CO oxidation over noble metals: The continuum from ultrahigh vaccuum to atmospheric pressures

Catalytic oxidation of CO has been investigated for many decades by numerous researchers and is considered to be one of the best understood catalytic reactions. Because of its importance in pollution control, fuel cells, etc., this reaction has received considerable attention for fundamental and practical reasons. Removal of CO from automobile exhaust is accomplished by catalytic converters using supported Pt-group metals of Pt, Pd and Rh catalysts.
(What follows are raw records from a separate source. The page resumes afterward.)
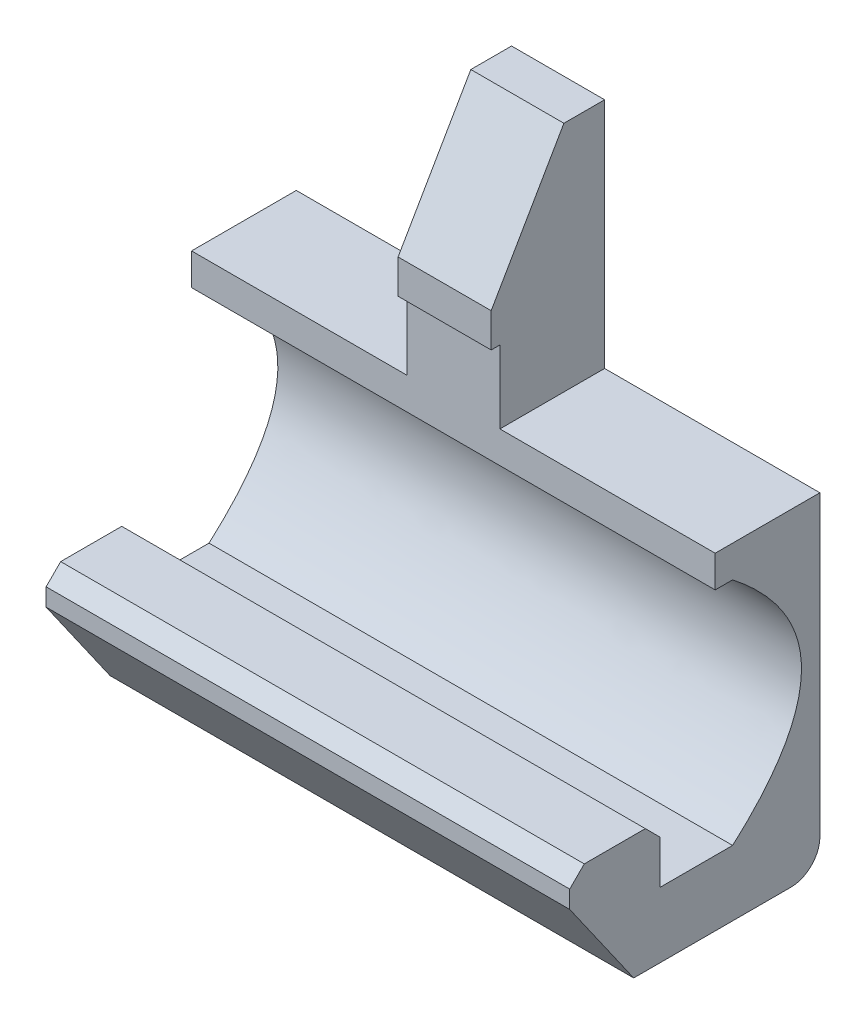
from build123d import *

# Parameters (mm, degrees)
SKETCH1_W           = 5
SKETCH1_H           = 5
BOSS_EXTRUDE1_DEPTH = 2
SKETCH2_W           = 3.2
SKETCH2_H           = 3
BOSS_EXTRUDE2_DEPTH = 5
SKETCH3_W           = 3.2
SKETCH3_H           = 3.6
BOSS_EXTRUDE3_DEPTH = 3
CUT_EXTRUDE1_DEPTH  = 12.093241186
SKETCH6_W           = 5
SKETCH6_H           = 2
CUT_EXTRUDE2_DEPTH  = 12.456439237
SKETCH7_W           = 18
SKETCH7_H           = 4
BOSS_EXTRUDE5_DEPTH = 13
SKETCH8_W           = 18
SKETCH8_H           = 6
BOSS_EXTRUDE6_DEPTH = 4
SKETCH9_W           = 1.5
SKETCH9_H           = 2
CUT_EXTRUDE4_DEPTH  = 22.800229357
SKETCH10_W          = 1
SKETCH10_H          = 9
CUT_EXTRUDE5_DEPTH  = 22.800229357
CUT_EXTRUDE6_DEPTH  = 22.800229357
BOSS_EXTRUDE7_DEPTH = 0.6
SKETCH13_W          = 3.9
SKETCH13_H          = 5.5
BOSS_EXTRUDE8_DEPTH = 3.2
CHAMFER2_SIZE       = 2.5
CHAMFER2_SIZE2      = 4.330127019
SKETCH14_W          = 8
SKETCH14_H          = 1.75299242
CUT_EXTRUDE7_DEPTH  = 22.800229515
SKETCH16_W          = 18
SKETCH16_H          = 4.24700758
BOSS_EXTRUDE9_DEPTH = 0.6
CHAMFER4_SIZE       = 2.2
CHAMFER4_SIZE2      = 3.141925615
CHAMFER5_SIZE       = 0.5
FILLET1_R           = 1


with BuildPart() as part:
    # Sketch1 → Boss-Extrude1 (new body)
    with BuildSketch(Plane(origin=(0, 0, 0), x_dir=(1, 0, 0), z_dir=(0, 1, 0))):
        Rectangle(SKETCH1_W, SKETCH1_H)
    extrude(amount=BOSS_EXTRUDE1_DEPTH)

    # Sketch2 → Boss-Extrude2 (add)
    with BuildSketch(Plane(origin=(0, 2, 0), x_dir=(1, 0, 0), z_dir=(0, 1, 0))):
        with Locations((0, 1)):
            Rectangle(SKETCH2_W, SKETCH2_H)
    extrude(amount=BOSS_EXTRUDE2_DEPTH)

    # Sketch3 → Boss-Extrude3 (add)
    with BuildSketch(Plane(origin=(0, 7, 0), x_dir=(1, 0, 0), z_dir=(0, 1, 0))):
        with Locations((0, 0.7)):
            Rectangle(SKETCH3_W, SKETCH3_H)
    extrude(amount=BOSS_EXTRUDE3_DEPTH)

    # Sketch4 → Cut-Extrude1 (cut, through all)
    with BuildSketch(Plane(origin=(1.6, 0, 0), x_dir=(0, 0, -1), z_dir=(1, 0, 0))):
        Polygon((-1.1, 7), (0.75, 10), (-1.1, 10), align=None)
    extrude(amount=-CUT_EXTRUDE1_DEPTH, mode=Mode.SUBTRACT)

    # Sketch6 → Cut-Extrude2 (cut, through all)
    with BuildSketch(Plane.XY.offset(2.5)):
        with Locations((0, 1)):
            Rectangle(SKETCH6_W, SKETCH6_H)
    extrude(amount=-CUT_EXTRUDE2_DEPTH, mode=Mode.SUBTRACT)

    # Sketch7 → Boss-Extrude5 (add)
    with BuildSketch(Plane.XZ.offset(-2)):
        with Locations((0, -0.5)):
            Rectangle(SKETCH7_W, SKETCH7_H)
    extrude(amount=BOSS_EXTRUDE5_DEPTH)

    # Sketch8 → Boss-Extrude6 (add)
    with BuildSketch(Plane.XY.offset(1.5)):
        with Locations((0, -8)):
            Rectangle(SKETCH8_W, SKETCH8_H)
    extrude(amount=BOSS_EXTRUDE6_DEPTH)

    # Sketch9 → Cut-Extrude4 (cut, through all)
    with BuildSketch(Plane(origin=(9, 0, 0), x_dir=(0, 0, -1), z_dir=(1, 0, 0))):
        with Locations((-2.25, -6)):
            Rectangle(SKETCH9_W, SKETCH9_H)
    extrude(amount=-CUT_EXTRUDE4_DEPTH, mode=Mode.SUBTRACT)

    # Sketch10 → Cut-Extrude5 (cut, through all)
    with BuildSketch(Plane(origin=(9, 0, 0), x_dir=(0, 0, -1), z_dir=(1, 0, 0))):
        with Locations((-1, -2.5)):
            Rectangle(SKETCH10_W, SKETCH10_H)
    extrude(amount=-CUT_EXTRUDE5_DEPTH, mode=Mode.SUBTRACT)

    # Sketch11 → Cut-Extrude6 (cut, through all)
    with BuildSketch(Plane(origin=(9, 0, 0), x_dir=(0, 0, -1), z_dir=(1, 0, 0))):
        with BuildLine():
            Line((-0.5, 0.906362555), (-0.5, -7))
            add(Edge.make_bspline(
                [(-0.5, 0.906362555), (4.232995097, -2.809658902), (-0.5, -7)],
                knots=[0, 0, 0, 1, 1, 1], degree=2))
        make_face()
    extrude(amount=-CUT_EXTRUDE6_DEPTH, mode=Mode.SUBTRACT)

    # Sketch12 → Boss-Extrude7 (add)
    with BuildSketch(Plane.XY.offset(0.5)):
        Polygon((-9, 2), (-9, 0.906362555), (9, 0.906362555), (9, 2), (1.6, 2), (1.6, 7), (-1.6, 7), (-1.6, 2), align=None)
    extrude(amount=BOSS_EXTRUDE7_DEPTH)

    # Sketch13 → Boss-Extrude8 (add)
    with BuildSketch(Plane.ZY.offset(1.6)):
        with Locations((-0.55, 7.25)):
            Rectangle(SKETCH13_W, SKETCH13_H)
    extrude(amount=-BOSS_EXTRUDE8_DEPTH)

    # Chamfer2
    chamfer2_edges = [part.edges().sort_by_distance(p)[0] for p in [
        (0, 10, 1.4),
    ]]
    chamfer2_side = [part.faces().sort_by_distance(p)[0] for p in [
        (0, 10, -0.55),
    ]]
    chamfer(chamfer2_edges, length=CHAMFER2_SIZE, length2=CHAMFER2_SIZE2, reference=chamfer2_side[0])

    # Sketch14 → Cut-Extrude7 (cut, through all)
    with BuildSketch(Plane(origin=(9, 0, 0), x_dir=(0, 0, -1), z_dir=(1, 0, 0))):
        with Locations((-1.5, -10.12350379)):
            Rectangle(SKETCH14_W, SKETCH14_H)
    extrude(amount=-CUT_EXTRUDE7_DEPTH, mode=Mode.SUBTRACT)

    # Sketch16 → Boss-Extrude9 (add)
    with BuildSketch(Plane.XY.offset(5.5)):
        with Locations((0, -7.12350379)):
            Rectangle(SKETCH16_W, SKETCH16_H)
    extrude(amount=BOSS_EXTRUDE9_DEPTH)

    # Chamfer4
    chamfer4_edges = [part.edges().sort_by_distance(p)[0] for p in [
        (0, -9.24700758, 6.1),
    ]]
    chamfer4_side = [part.faces().sort_by_distance(p)[0] for p in [
        (0, -9.24700758, 1.8),
    ]]
    chamfer(chamfer4_edges, length=CHAMFER4_SIZE, length2=CHAMFER4_SIZE2, reference=chamfer4_side[0])

    # Chamfer5
    chamfer5_edges = [part.edges().sort_by_distance(p)[0] for p in [
        (0, -5, 3),
        (0, -5, 6.1),
    ]]
    chamfer(chamfer5_edges, length=CHAMFER5_SIZE)

    # Fillet1
    fillet1_edges = [part.edges().sort_by_distance(p)[0] for p in [
        (0, -9.24700758, -2.5),
    ]]
    fillet(fillet1_edges, radius=FILLET1_R)


solid = part.part

The catalytically removal of traces of CO from H$_{2}$ by Pt-group metals to the few ppm level is required for efficient operation in fuel cells. Efforts in our laboratory have addressed the adsorption of CO and the kinetics of CO-oxidation on single crystals and supported metal catalysts over a wide temperature (400--650 K) and pressure (1$\times $10$^{-7}\sim $500 Torr) range. Two active phases, CO-dominated and O-dominated, have been identified for which the mechanisms for CO catalytic oxidation are entirely different. The highly active phase formed in oxygen-rich reaction condition exhibits CO$_{2}$ formation rates several orders higher than the rates found for stoichiometric reaction conditions. This highly active surface was determined to consist of approximate one monolayer of surface oxygen using Auger spectroscopy and X-ray photoemission spectroscopy.